• Exercise instructions: Find "# ---- images" and "path, not embedded)" in the records below. Copy the lines holding them and every line between, exactly, and no others.

Supplied records Block Start

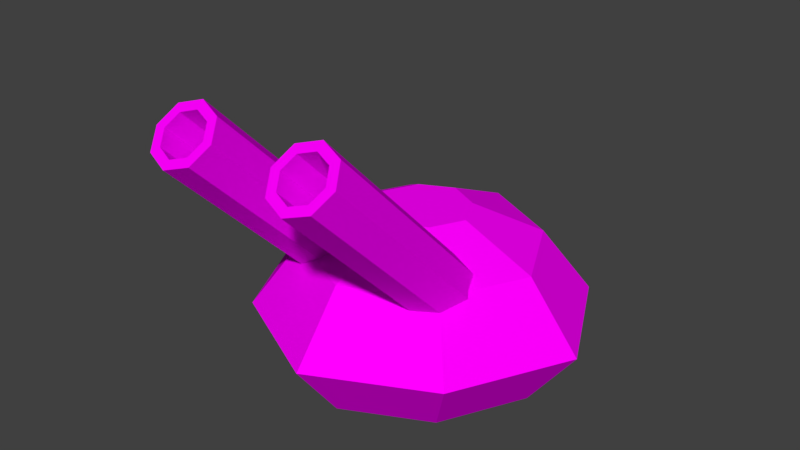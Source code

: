# Source: missile_launcher_top.blend  (saved by Blender 2.78.0; exported with 4.5.12 LTS)
import bpy
from mathutils import Matrix  # noqa: F401  (used for matrix-valued properties, if any)

bpy.ops.wm.read_factory_settings(use_empty=True)
scene = bpy.context.scene
scene.name = 'Scene'

# ---- collections
col_collection_1 = bpy.data.collections.new('Collection 1'); scene.collection.children.link(col_collection_1)

# ---- images (referenced by path relative to the original .blend; pixels are not part of the script)
import os
ASSET_DIR = os.environ.get("B2B_ASSET_DIR", "")  # directory of the original .blend (textures are referenced by path, not embedded)
HERE = os.path.dirname(os.path.abspath(__file__))  # packed textures are extracted next to this script under _unpacked/

def load_image(name, relpath, width, height, colorspace="sRGB"):
    """Load a texture the original file referenced (path relative to the .blend, or extracted next to this script)."""
    p = next((c for c in (os.path.join(HERE, relpath), os.path.join(ASSET_DIR, relpath)) if relpath and os.path.exists(c)), "")
    if p:
        img = bpy.data.images.load(p, check_existing=True)
        img.name = name
    else:  # same state as the original file: an image datablock whose file is absent (Cycles renders it pink)
        img = bpy.data.images.new(name, width, height)
        img.source = "FILE"
        img.filepath = "//" + (relpath or name)
    img.colorspace_settings.name = colorspace
    return img
img_missile_launcher_top_texture = load_image('missile_launcher_top_texture', 'missile_launcher_top_texture.png', 1024, 1024, 'sRGB')

# ---- materials (node trees are filled in below, after node groups)
mat_missilelaunchertop = bpy.data.materials.new('MissileLauncherTop')
mat_missilelaunchertop.alpha_threshold = 0.0
mat_missilelaunchertop.roughness = 0.5

# ---- material node trees
mat_missilelaunchertop.use_nodes = True; mat_missilelaunchertop.node_tree.nodes.clear()
_N = mat_missilelaunchertop.node_tree.nodes; _L = mat_missilelaunchertop.node_tree.links
n0 = _N.new('ShaderNodeOutputMaterial'); n0.name = 'Material Output'; n0.location = (300, 300)
n1 = _N.new('ShaderNodeBsdfDiffuse'); n1.name = 'Diffuse BSDF'; n1.location = (10, 300)
n2 = _N.new('ShaderNodeTexImage'); n2.name = 'Image Texture'; n2.location = (-180, 300)
n2.width = 140
n2.image = img_missile_launcher_top_texture
_L.new(n1.outputs[0], n0.inputs[0])
_L.new(n2.outputs[0], n1.inputs[0])
n0.is_active_output = True

# ---- world
world_world = bpy.data.worlds.new('World'); scene.world = world_world
world_world.color = (0.05088, 0.05088, 0.05088)
world_world.use_sun_shadow = False
world_world.sun_shadow_jitter_overblur = 0.0
world_world.cycles.sampling_method = 'MANUAL'

# ---- meshes
me_missilelaunchertop_001 = bpy.data.meshes.new('MissileLauncherTop.001')
me_missilelaunchertop_001.from_pydata([(-1.0, -0.2322, 0.9393), (-1.0, -3.061, 3.768), (-0.6464, -0.3358, 0.8358), (-0.6464, -3.164, 3.664), (-0.5, -0.5858, 0.5858), (-0.5, -3.414, 3.414), (-0.6464, -0.8358, 0.3358), (-0.6464, -3.664, 3.164), (-1.0, -0.9393, 0.2322), (-1.0, -3.768, 3.061), (-1.354, -0.8358, 0.3358), (-1.354, -3.664, 3.164), (-1.5, -0.5858, 0.5858), (-1.5, -3.414, 3.414), (-1.354, -0.3358, 0.8358), (-1.354, -3.164, 3.664), (1.0, -0.2322, 0.9393), (1.0, -3.061, 3.768), (1.354, -0.3358, 0.8358), (1.354, -3.164, 3.664), (1.5, -0.5858, 0.5858), (1.5, -3.414, 3.414), (1.354, -0.8358, 0.3358), (1.354, -3.664, 3.164), (1.0, -0.9393, 0.2322), (1.0, -3.768, 3.061), (0.6464, -0.8358, 0.3358), (0.6464, -3.664, 3.164), (0.5, -0.5858, 0.5858), (0.5, -3.414, 3.414), (0.6464, -0.3358, 0.8358), (0.6464, -3.164, 3.664), (-1.8, -1.8, 0.0), (-1.8, 1.8, 0.0), (1.8, -1.8, 0.0), (1.8, 1.8, 0.0), (-2.7, 0.0, 0.0), (2.7, 0.0, 0.0), (0.0, 2.7, 0.0), (0.0, -2.7, 0.0), (-1.296, -1.296, -1.0), (-1.296, 1.296, -1.0), (1.296, -1.296, -1.0), (1.296, 1.296, -1.0), (-1.944, 0.0, -1.0), (1.944, 0.0, -1.0), (0.0, 1.944, -1.0), (0.0, -1.944, -1.0), (-1.26, -1.26, 1.0), (-1.26, 1.26, 1.0), (1.26, -1.26, 1.0), (1.26, 1.26, 1.0), (-1.89, 0.0, 1.0), (1.89, 0.0, 1.0), (0.0, 1.89, 1.0), (0.0, -1.89, 1.0), (-0.504, -0.504, 1.5), (-0.504, 0.504, 1.5), (0.504, -0.504, 1.5), (0.504, 0.504, 1.5), (-0.756, 0.0, 1.5), (0.756, 0.0, 1.5), (0.0, 0.756, 1.5), (0.0, -0.756, 1.5), (-1.0, -3.167, 3.662), (-0.7525, -3.239, 3.589), (-0.65, -3.414, 3.414), (-0.7525, -3.589, 3.239), (-1.0, -3.662, 3.167), (-1.247, -3.589, 3.239), (-1.35, -3.414, 3.414), (-1.247, -3.239, 3.589), (1.0, -3.167, 3.662), (1.247, -3.239, 3.589), (1.35, -3.414, 3.414), (1.247, -3.589, 3.239), (1.0, -3.662, 3.167), (0.7525, -3.589, 3.239), (0.65, -3.414, 3.414), (0.7525, -3.239, 3.589), (-1.0, -1.045, 1.54), (-0.7525, -1.118, 1.468), (-0.65, -1.293, 1.293), (-0.7525, -1.468, 1.118), (-1.0, -1.54, 1.045), (-1.247, -1.468, 1.118), (-1.35, -1.293, 1.293), (-1.247, -1.118, 1.468), (1.0, -1.045, 1.54), (1.247, -1.118, 1.468), (1.35, -1.293, 1.293), (1.247, -1.468, 1.118), (1.0, -1.54, 1.045), (0.7525, -1.468, 1.118), (0.65, -1.293, 1.293), (0.7525, -1.118, 1.468)], [], [(0, 1, 3, 2), (2, 3, 5, 4), (4, 5, 7, 6), (6, 7, 9, 8), (8, 9, 11, 10), (10, 11, 13, 12), (1, 15, 71, 64), (12, 13, 15, 14), (14, 15, 1, 0), (16, 17, 19, 18), (18, 19, 21, 20), (20, 21, 23, 22), (22, 23, 25, 24), (24, 25, 27, 26), (26, 27, 29, 28), (7, 5, 66, 67), (28, 29, 31, 30), (30, 31, 17, 16), (39, 32, 40, 47), (38, 35, 43, 46), (33, 38, 46, 41), (32, 36, 44, 40), (37, 34, 42, 45), (36, 33, 41, 44), (34, 39, 47, 42), (35, 37, 45, 43), (32, 39, 55, 48), (35, 38, 54, 51), (38, 33, 49, 54), (36, 32, 48, 52), (34, 37, 53, 50), (33, 36, 52, 49), (39, 34, 50, 55), (37, 35, 51, 53), (48, 55, 63, 56), (51, 54, 62, 59), (54, 49, 57, 62), (52, 48, 56, 60), (50, 53, 61, 58), (49, 52, 60, 57), (55, 50, 58, 63), (53, 51, 59, 61), (60, 56, 63, 58, 61, 59, 62, 57), (70, 69, 85, 86), (77, 76, 92, 93), (3, 1, 64, 65), (27, 25, 76, 77), (13, 11, 69, 70), (23, 21, 74, 75), (17, 31, 79, 72), (19, 17, 72, 73), (9, 7, 67, 68), (29, 27, 77, 78), (5, 3, 65, 66), (15, 13, 70, 71), (25, 23, 75, 76), (11, 9, 68, 69), (21, 19, 73, 74), (31, 29, 78, 79), (81, 80, 87, 86, 85, 84, 83, 82), (89, 88, 95, 94, 93, 92, 91, 90), (78, 77, 93, 94), (71, 70, 86, 87), (79, 78, 94, 95), (64, 71, 87, 80), (65, 64, 80, 81), (72, 79, 95, 88), (73, 72, 88, 89), (66, 65, 81, 82), (74, 73, 89, 90), (67, 66, 82, 83), (75, 74, 90, 91), (68, 67, 83, 84), (76, 75, 91, 92), (69, 68, 84, 85)])
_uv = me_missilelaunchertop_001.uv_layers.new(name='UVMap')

Supplied records Block End

• Answer box:
# ---- images (referenced by path relative to the original .blend; pixels are not part of the script)
import os
ASSET_DIR = os.environ.get("B2B_ASSET_DIR", "")  # directory of the original .blend (textures are referenced by path, not embedded)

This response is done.